Tuesday, May 29, 2018

Assassinations

Earlier this month, Iraq held national elections.  To the surprise of the US government and their whores in the media, Shi'ite cleric and movement leader Moqtada al-Sadr ended up the big winner.

Sunday, Abdullah bin Bijad al-Otaibi (ALARABIYA) wondered:

So now the question is who will assassinate Muqtada al-Sadr? Or who will assassinate his deputies to reengineer the composition of the Iraqi parliament? This has already happened earlier when the formation of government was taken away from Ayad Allawi and was passed on to Nouri al-Maliki.
It will be at the hand of Iran and no one else, but how will that be done? Will it be done through the hands of Sunni extremists, like when al-Qaeda assassinated Mohammed Baqir al-Hakim? Or will it be carried out by Shiite extremists like the bombing of Al-Askari Shrine in Samarra? The Iranian apparatuses, their militias and their agents in Iraq can answer these questions.


What is it that's made it so natural to raise the issue of assassination?

Madonna, Johnny Depp and too many other nut cases have thought that floating the assassination of President Donald Trump was cute, funny and sophisticated.

It's not cute, it's not funny and it only serves to remind most that you barely got through high school and that you're so-called intellect is not what you're famous for.

Assassination is troubling.  It's violence attacking the people and not just the subject targeted.


Robert F. Kennedy Jr. knows all about that.  Tom Jackman (WASHINGTON POST) reported Saturday:



Kennedy was asleep in his dorm at Georgetown Preparatory School in Bethesda, Maryland, on June 5, 1968, when a priest woke him and told there was a car waiting outside to take him to the family home, Hickory Hill, in McLean, Virginia. The priest didn't say why.
In his new memoir, "American Values: Lessons I Learned from My Family," Kennedy said his mother's secretary was waiting for him. "Jinx Hack told me my father had been shot, but I was still thinking he'd be okay.
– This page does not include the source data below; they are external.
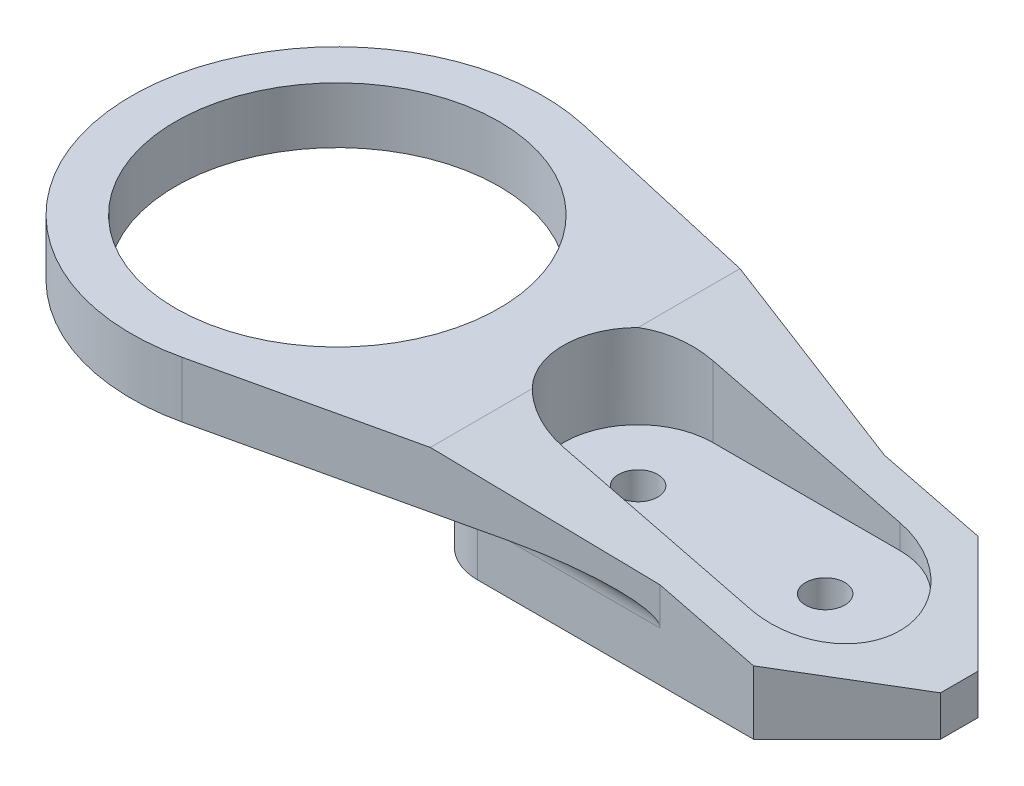
ISO-10303-21;
HEADER;
FILE_DESCRIPTION(('STEP AP214'),'2;1');
FILE_NAME('part.step','',(''),(''),'','','');
FILE_SCHEMA(('AUTOMOTIVE_DESIGN { 1 0 10303 214 1 1 1 1 }'));
ENDSEC;
DATA;
#1=APPLICATION_CONTEXT('core data for automotive mechanical design processes');
#2=APPLICATION_PROTOCOL_DEFINITION('international standard','automotive_design',2000,#1);
#3=PRODUCT_CONTEXT('',#1,'mechanical');
#4=PRODUCT('Part','Part','',(#3));
#5=PRODUCT_RELATED_PRODUCT_CATEGORY('part','',(#4));
#6=PRODUCT_DEFINITION_FORMATION('','',#4);
#7=PRODUCT_DEFINITION_CONTEXT('part definition',#1,'design');
#8=PRODUCT_DEFINITION('design','',#6,#7);
#9=PRODUCT_DEFINITION_SHAPE('','',#8);
#10=(LENGTH_UNIT() NAMED_UNIT(*) SI_UNIT(.MILLI.,.METRE.));
#11=(NAMED_UNIT(*) PLANE_ANGLE_UNIT() SI_UNIT($,.RADIAN.));
#12=(NAMED_UNIT(*) SI_UNIT($,.STERADIAN.) SOLID_ANGLE_UNIT());
#13=UNCERTAINTY_MEASURE_WITH_UNIT(LENGTH_MEASURE(1.E-05),#10,'distance_accuracy_value','');
#14=(GEOMETRIC_REPRESENTATION_CONTEXT(3) GLOBAL_UNCERTAINTY_ASSIGNED_CONTEXT((#13)) GLOBAL_UNIT_ASSIGNED_CONTEXT((#10,
#11,#12)) REPRESENTATION_CONTEXT('',''));
#15=CARTESIAN_POINT('',(0.,0.,0.));
#16=DIRECTION('',(0.,0.,1.));
#17=DIRECTION('',(1.,0.,0.));
#18=AXIS2_PLACEMENT_3D('',#15,#16,#17);
#19=CARTESIAN_POINT('',(17.8298933663439,-2.85,6.));
#20=DIRECTION('',(0.,1.,0.));
#21=DIRECTION('',(0.,0.,1.));
#22=AXIS2_PLACEMENT_3D('',#19,#20,#21);
#23=CYLINDRICAL_SURFACE('',#22,1.05);
#24=CARTESIAN_POINT('',(17.8298933663439,0.,6.));
#25=DIRECTION('',(0.,1.,0.));
#26=DIRECTION('',(-1.,0.,0.));
#27=AXIS2_PLACEMENT_3D('',#24,#25,#26);
#28=CIRCLE('',#27,1.05);
#29=CARTESIAN_POINT('',(16.7798933663439,0.,6.));
#30=VERTEX_POINT('',#29);
#31=EDGE_CURVE('E229',#30,#30,#28,.T.);
#32=ORIENTED_EDGE('',*,*,#31,.F.);
#33=EDGE_LOOP('',(#32));
#34=FACE_BOUND('',#33,.T.);
#35=CARTESIAN_POINT('',(17.8298933663439,2.65,6.));
#36=DIRECTION('',(0.,1.,0.));
#37=DIRECTION('',(0.,0.,1.));
#38=AXIS2_PLACEMENT_3D('',#35,#36,#37);
#39=CIRCLE('',#38,1.05);
#40=CARTESIAN_POINT('',(17.8298933663439,2.65,7.05));
#41=VERTEX_POINT('',#40);
#42=EDGE_CURVE('E226',#41,#41,#39,.F.);
#43=ORIENTED_EDGE('',*,*,#42,.F.);
#44=EDGE_LOOP('',(#43));
#45=FACE_BOUND('',#44,.T.);
#46=ADVANCED_FACE('F41',(#34,#45),#23,.F.);
#47=CARTESIAN_POINT('',(7.82989336634394,-2.85,6.));
#48=DIRECTION('',(0.,1.,0.));
#49=DIRECTION('',(0.,0.,1.));
#50=AXIS2_PLACEMENT_3D('',#47,#48,#49);
#51=CYLINDRICAL_SURFACE('',#50,1.05);
#52=CARTESIAN_POINT('',(7.82989336634394,0.,6.));
#53=DIRECTION('',(0.,1.,0.));
#54=DIRECTION('',(-1.,0.,0.));
#55=AXIS2_PLACEMENT_3D('',#52,#53,#54);
#56=CIRCLE('',#55,1.05);
#57=CARTESIAN_POINT('',(6.77989336634394,0.,6.));
#58=VERTEX_POINT('',#57);
#59=EDGE_CURVE('E232',#58,#58,#56,.T.);
#60=ORIENTED_EDGE('',*,*,#59,.F.);
#61=EDGE_LOOP('',(#60));
#62=FACE_BOUND('',#61,.T.);
#63=CARTESIAN_POINT('',(7.82989336634394,2.65,6.));
#64=DIRECTION('',(0.,1.,0.));
#65=DIRECTION('',(0.,0.,1.));
#66=AXIS2_PLACEMENT_3D('',#63,#64,#65);
#67=CIRCLE('',#66,1.05);
#68=CARTESIAN_POINT('',(7.82989336634394,2.65,7.05));
#69=VERTEX_POINT('',#68);
#70=EDGE_CURVE('E221',#69,#69,#67,.F.);
#71=ORIENTED_EDGE('',*,*,#70,.F.);
#72=EDGE_LOOP('',(#71));
#73=FACE_BOUND('',#72,.T.);
#74=ADVANCED_FACE('F461',(#62,#73),#51,.F.);
#75=CARTESIAN_POINT('',(0.,0.,12.));
#76=DIRECTION('',(0.,0.,-1.));
#77=DIRECTION('',(-1.,0.,0.));
#78=AXIS2_PLACEMENT_3D('',#75,#76,#77);
#79=PLANE('',#78);
#80=DIRECTION('',(0.,1.,0.));
#81=VECTOR('',#80,1.);
#82=CARTESIAN_POINT('',(15.,4.15,12.));
#83=LINE('',#82,#81);
#84=CARTESIAN_POINT('',(15.,2.65,12.));
#85=VERTEX_POINT('',#84);
#86=CARTESIAN_POINT('',(15.,4.64999999999996,12.));
#87=VERTEX_POINT('',#86);
#88=EDGE_CURVE('E261',#85,#87,#83,.T.);
#89=ORIENTED_EDGE('',*,*,#88,.F.);
#90=DIRECTION('',(1.,0.,0.));
#91=VECTOR('',#90,1.);
#92=CARTESIAN_POINT('',(5.25,2.65,12.));
#93=LINE('',#92,#91);
#94=CARTESIAN_POINT('',(5.25,2.65,12.));
#95=VERTEX_POINT('',#94);
#96=EDGE_CURVE('E345',#85,#95,#93,.F.);
#97=ORIENTED_EDGE('',*,*,#96,.T.);
#98=DIRECTION('',(0.,1.,0.));
#99=VECTOR('',#98,1.);
#100=CARTESIAN_POINT('',(5.25,0.,12.));
#101=LINE('',#100,#99);
#102=CARTESIAN_POINT('',(5.25,0.,12.));
#103=VERTEX_POINT('',#102);
#104=EDGE_CURVE('E326',#95,#103,#101,.F.);
#105=ORIENTED_EDGE('',*,*,#104,.T.);
#106=DIRECTION('',(1.,0.,0.));
#107=VECTOR('',#106,1.);
#108=CARTESIAN_POINT('',(25.,0.,12.));
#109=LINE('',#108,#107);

He was, after all, indestructible."
Robert F. Kennedy Jr., his older sister Kathleen and brother Joe flew to Los Angeles on Vice President Hubert Humphrey's plane, Air Force Two.
At Good Samaritan Hospital, Kennedy wrote, his father's head was bandaged and his face was bruised. A priest had already delivered last rites. His mother was there.
"I sat down across the bed from her and took hold of his big wrestler's hand," he wrote. "I prayed and said goodbye to him, listening to the pumps that kept him breathing. Each of us children took turns sitting with him and praying opposite my mom.
"My dad died at 1:44 a.m., a few minutes after doctors removed his life support. My brother Joe came into the ward where all the children were lying down and told us, 'He's gone.' "


RFK Jr. is haunted by his father's death.  He also believes there was a second shooter in his father's assassination and supports a re-investigation into his father's murder (we agree a re-investigation is needed).  When people think they're being cute, they might want to think a little harder because there is nothing cute about assassination.